* Prompt *
Filter the listing for lines containing "units".

* Exercise input *

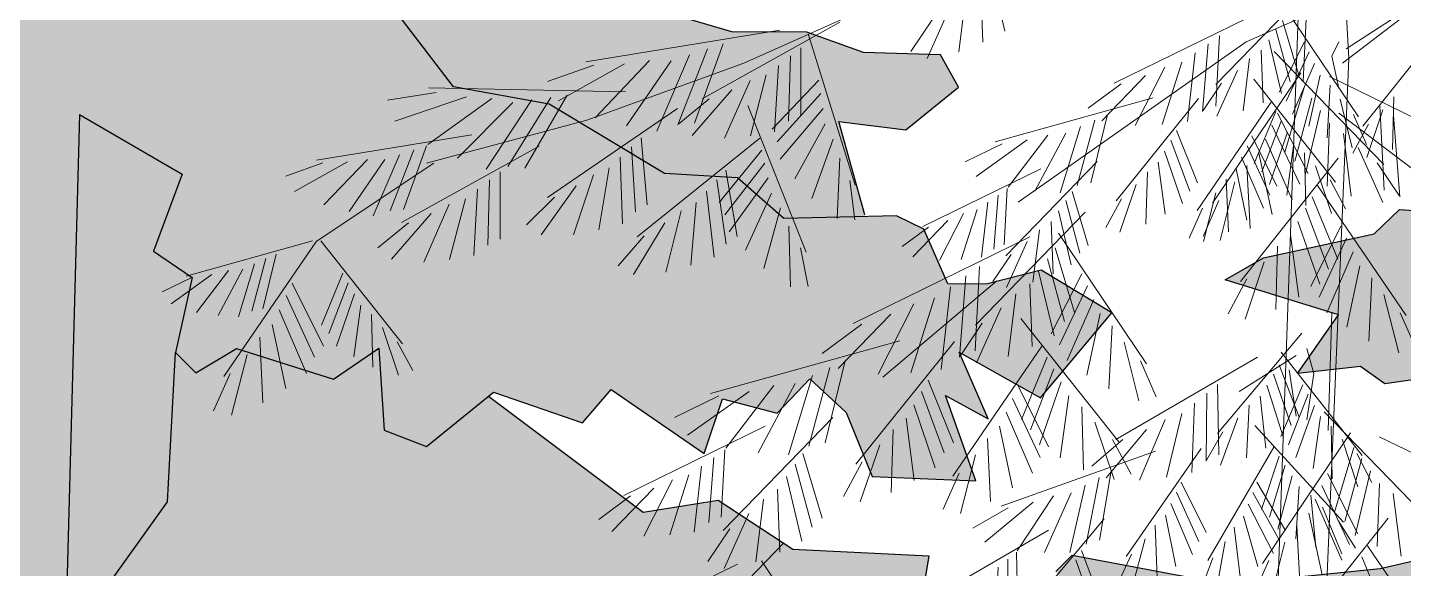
# Model space of a CAD drawing. Header units: millimetres. Extents: x 2403 to 72627, y 1744 to 50777.
# Drawn here: x 17841 to 22744, y 34175 to 36101 of the extents above; entities that cross this region are included whole.
import ezdxf

# ---------------------------------------------------------------- set-up
doc = ezdxf.new("R2010")
doc.units = ezdxf.units.MM
doc.layers.add('dwgmodels.com', color=250, linetype='Continuous')

# ---------------------------------------------------------------- blocks, each defined once
blk = doc.blocks.new('de7')
at = {"layer": 'dwgmodels.com', "linetype": 'Continuous', "lineweight": 0}
for p, q in [((-209.2, 39.8), (-24.2, 5194.2)), ((-6.1, 4475), (24.1, 3951.6)), ((-1054.1, 3943.4), (-387.3, 4241.8)), ((-44.5, 4172), (-57.2, 3911.6)), ((-616.3, 4115.4), (-588.7, 4000.3)), ((-656.9, 4075.1), (-670.9, 3963.4)), ((-632.1, 4092.9), (-627.9, 3981)), ((-50, 4072.9), (-212.7, 3905.2)), ((-683.1, 4050), (-727.3, 3951.8)), ((-717.2, 4022.6), (-756.2, 3964.3)), ((-131.8, 4035.9), (-394.2, 3907.6)), ((-57.2, 4025.9), (-158.8, 3981.5)), ((-89.3, 4041.5), (41.5, 3847.8)), ((12.7, 3943.4), (120.7, 4025.9)), ((19, 3968.7), (127, 4038.6)), ((-989.8, 4002.3), (-1335.7, 3945.7)), ((-882.9, 4016.5), (-1128, 3880.1)), ((-105.8, 4003.5), (-80.5, 3910.2)), ((-94.4, 4019.6), (-65.5, 3923.7)), ((194.7, 4014.2), (49.2, 3831.3)), ((-1090.8, 3977.9), (-1141.8, 3836.5)), ((-938.9, 3994), (-855.8, 3726.2)), ((-158.8, 3981.5), (-565.2, 3695.7)), ((-226.8, 3978), (-236.6, 3857.5)), ((-206.6, 3992.1), (-213.2, 3867.1)), ((-118.8, 3985.1), (-95.8, 3889.2)), ((-54.9, 3981.3), (-100.2, 3891.9)), ((6.3, 3981.5), (-6.4, 3956)), ((-1222, 3947.9), (-1319.1, 3846.2)), ((-1183.7, 3947.4), (-1262.9, 3831.8)), ((-1151.1, 3958.2), (-1209.1, 3822.1)), ((-1119, 3968.7), (-1171.9, 3833.7)), ((-971.1, 3956.2), (-974.3, 3840.2)), ((-952.4, 3970.7), (-952.4, 3850.5)), ((-249.9, 3961.9), (-263.5, 3839.3)), ((-152.7, 3951.5), (-164.3, 3858.5)), ((-132, 3966.4), (-128.5, 3873.1)), ((-108.9, 3964.1), (86.4, 3762.9)), ((-46.5, 3963.4), (-87.8, 3876)), ((24.1, 3951.6), (-30.5, 2656.6)), ((-6.4, 3956), (6.3, 3898.9)), ((-1321.5, 3940.1), (-1404.1, 3910.6)), ((-1266.9, 3942.2), (-1384.3, 3876.6)), ((-1333.5, 3841.7), (-1054.1, 3943.4)), ((-992.4, 3939.5), (-999.2, 3821.4)), ((-304, 3936.6), (-357, 3832.2)), ((-273.3, 3945.4), (-308.7, 3834.2)), ((-61.8, 3926.5), (-218.7, 3694)), ((-174.5, 3930.6), (-211.3, 3848.8)), ((-36.9, 3943), (-76.4, 3852.7)), ((-1264.9, 3892.1), (-1615.3, 3899.4)), ((-1043, 3912.6), (-1088.5, 3809.7)), ((-1014, 3922.5), (-1042.3, 3814.1)), ((-920.3, 3913), (-1003.3, 3826)), ((-381.6, 3906.5), (-440.3, 3863.1)), ((-338.5, 3921.3), (-416.4, 3840.7)), ((-202.9, 3907.8), (-235.4, 3859.2)), ((-145.1, 3914.8), (0.3, 3731.8)), ((-55.7, 3900.3), (-90.3, 3785.2)), ((-27.3, 3922.3), (-47.1, 3831)), ((-9.5, 3904), (-14.4, 3810.4)), ((-10.7, 3919.8), (304.2, 3765.8)), ((-1602.4, 3891.3), (-1688.9, 3877.3)), ((-1548.3, 3883.4), (-1675.7, 3840.2)), ((-1503.1, 3880.8), (-1617.1, 3798.5)), ((-1431.5, 3878), (-1513.3, 3754.8)), ((-1398, 3882.5), (-1474.6, 3759.4)), ((-1368.7, 3886.4), (-1444.5, 3756.7)), ((-1115.8, 3879.8), (-1170, 3835.2)), ((-1075.3, 3896.1), (-1145.8, 3814.9)), ((-916.8, 3889.5), (-994.6, 3803.4)), ((-324.8, 3881.8), (-606.2, 3803.4)), ((-243.8, 3880.6), (-390.4, 3698.6)), ((-114.2, 3873.9), (-246.1, 3681)), ((-41.9, 3881), (-72.3, 3769)), ((8.3, 3879.5), (30.1, 3792.6)), ((104.4, 3883.3), (102, 3789.6)), ((-1465.6, 3873.3), (-1564.4, 3774.1)), ((-1172.2, 3862.6), (-1403.7, 3704.2)), ((-1047, 3867.8), (-943.2, 3607.2)), ((-912.9, 3862.8), (-989.5, 3772.6)), ((-406.3, 3852.3), (-435.6, 3730.6)), ((-106.2, 3857.4), (-144.4, 3764.8)), ((-103, 3854.2), (-48.7, 3747)), ((-26.3, 3858.9), (-53.9, 3743.8)), ((266.7, 3657.6), (6.3, 3854.4)), ((32.3, 3852.1), (55.7, 3798.5)), ((84.8, 3860.4), (56.2, 3775.4)), ((79, 3867.2), (87, 3717.2)), ((103.3, 3850.3), (115, 3705.7)), ((-1619.2, 3765.5), (-1333.5, 3841.7)), ((-909, 3835.6), (-963.4, 3737.6)), ((-454.4, 3830.5), (-490.1, 3712.5)), ((-428.8, 3842.2), (-460.3, 3725.5)), ((-96.4, 3840.3), (-130.8, 3749.9)), ((-113.1, 3832.8), (-63.5, 3727.9)), ((-10.5, 3836.4), (-14.7, 3724.4)), ((58.8, 3834.9), (31.2, 3783.3)), ((-1538.7, 3815.8), (-1815.5, 3770.5)), ((-1025.6, 3810.1), (-1244, 3634.2)), ((-1237.1, 3810.6), (-1226.1, 3690.9)), ((-894.9, 3808.4), (-933, 3702.5)), ((-548.9, 3806.7), (-640.1, 3741.6)), ((-512.2, 3815.5), (-583.3, 3722.5)), ((-480.4, 3818.6), (-535.5, 3715.6)), ((-293, 3806.4), (-259.2, 3715.8)), ((-283.1, 3823.5), (-245.5, 3730.6)), ((-148.9, 3813.9), (-104.2, 3724.3)), ((-124.6, 3808.4), (-77.2, 3699.9)), ((-85.3, 3820.7), (-117.6, 3727.5)), ((-74, 3800.8), (-86.7, 3708.2)), ((14.3, 3818.5), (28.3, 3706.9)), ((-1667.8, 3780.4), (-1714.2, 3671.6)), ((-1642.1, 3788.9), (-1684.4, 3680.8)), ((-1418.9, 3795.9), (-1664, 3659.6)), ((-1619.6, 3796.2), (-1660.3, 3683.1)), ((-1274.1, 3775.9), (-1270, 3657.6)), ((-1254.4, 3794.4), (-1247, 3678.6)), ((-1022.1, 3788.4), (-1098, 3695.2)), ((-593.9, 3800), (-659.6, 3768)), ((-304.3, 3786.9), (-272.5, 3693.5)), ((-167.1, 3775.8), (-128.2, 3685.2)), ((-157.4, 3796.1), (-116.7, 3708.4)), ((-136.2, 3783.4), (-112.4, 3673.9)), ((-54.9, 3783.9), (-52.5, 3690.2)), ((40.5, 3793.4), (84.6, 3695.3)), ((-1804.1, 3766), (-1870.2, 3742.4)), ((-1760.5, 3767.7), (-1854.4, 3715.1)), ((-1816.1, 3625.8), (-1606.6, 3765.5)), ((-1724.5, 3772.2), (-1802.2, 3690.9)), ((-1693.9, 3771.8), (-1757.2, 3679.3)), ((-1294.1, 3757), (-1312.2, 3646.4)), ((-1016.8, 3765.3), (-1087.6, 3673.4)), ((-1086.2, 3753.2), (-1065.9, 3634.7)), ((-882.9, 3774.2), (-887.9, 3666.7)), ((-525, 3755.1), (-734.9, 3652.4)), ((-424.6, 3768.1), (-587.4, 3600.4)), ((-315.6, 3767), (-303.5, 3674.4)), ((-176.9, 3755.1), (-157.6, 3663.7)), ((5.2, 3774.4), (-169.3, 3554.9)), ((-157.5, 3761.5), (-151.6, 3649.1)), ((-35.2, 3760.9), (-6.7, 3675.9)), ((74.6, 3766.1), (113.6, 3707.8)), ((-1507.1, 3735.6), (-1510.3, 3619.6)), ((-1488.4, 3750.2), (-1488.4, 3630)), ((-1322, 3744.4), (-1357.8, 3637.8)), ((-1102.2, 3735.7), (-1085.7, 3620.9)), ((-1010.8, 3739), (-1080.2, 3643.1)), ((-864.9, 3734.4), (-856.5, 3664.7)), ((-354.7, 3727.4), (-383.8, 3642.6)), ((-334.9, 3750.2), (-337.9, 3656.6)), ((-178.9, 3732.2), (-205.1, 3627.8)), ((-194.8, 3736.9), (-190.5, 3643.3)), ((-9.2, 3735.5), (18.3, 3683.9)), ((-1528.4, 3719), (-1535.2, 3600.8)), ((-1391.5, 3705), (-1441.3, 3655.6)), ((-1352.7, 3725.1), (-1415.4, 3637.7)), ((-1120.4, 3715.7), (-1107.1, 3598.1)), ((-1004.8, 3712.1), (-1051.3, 3610.2)), ((-601, 3708.7), (-608.8, 3612.4)), ((-584.8, 3720), (-590.1, 3620)), ((-469, 3714.8), (-440.2, 3618.9)), ((-212.8, 3712.6), (-235.1, 3625.8)), ((-41.5, 3705.6), (4.3, 3594.5)), ((-31.9, 3725.4), (126.4, 3493.9)), ((-1579, 3692.1), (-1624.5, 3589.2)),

* Result of this task *
# Model space of a CAD drawing. Header units: millimetres. Extents: x 2403 to 72627, y 1744 to 50777.
doc.units = ezdxf.units.MM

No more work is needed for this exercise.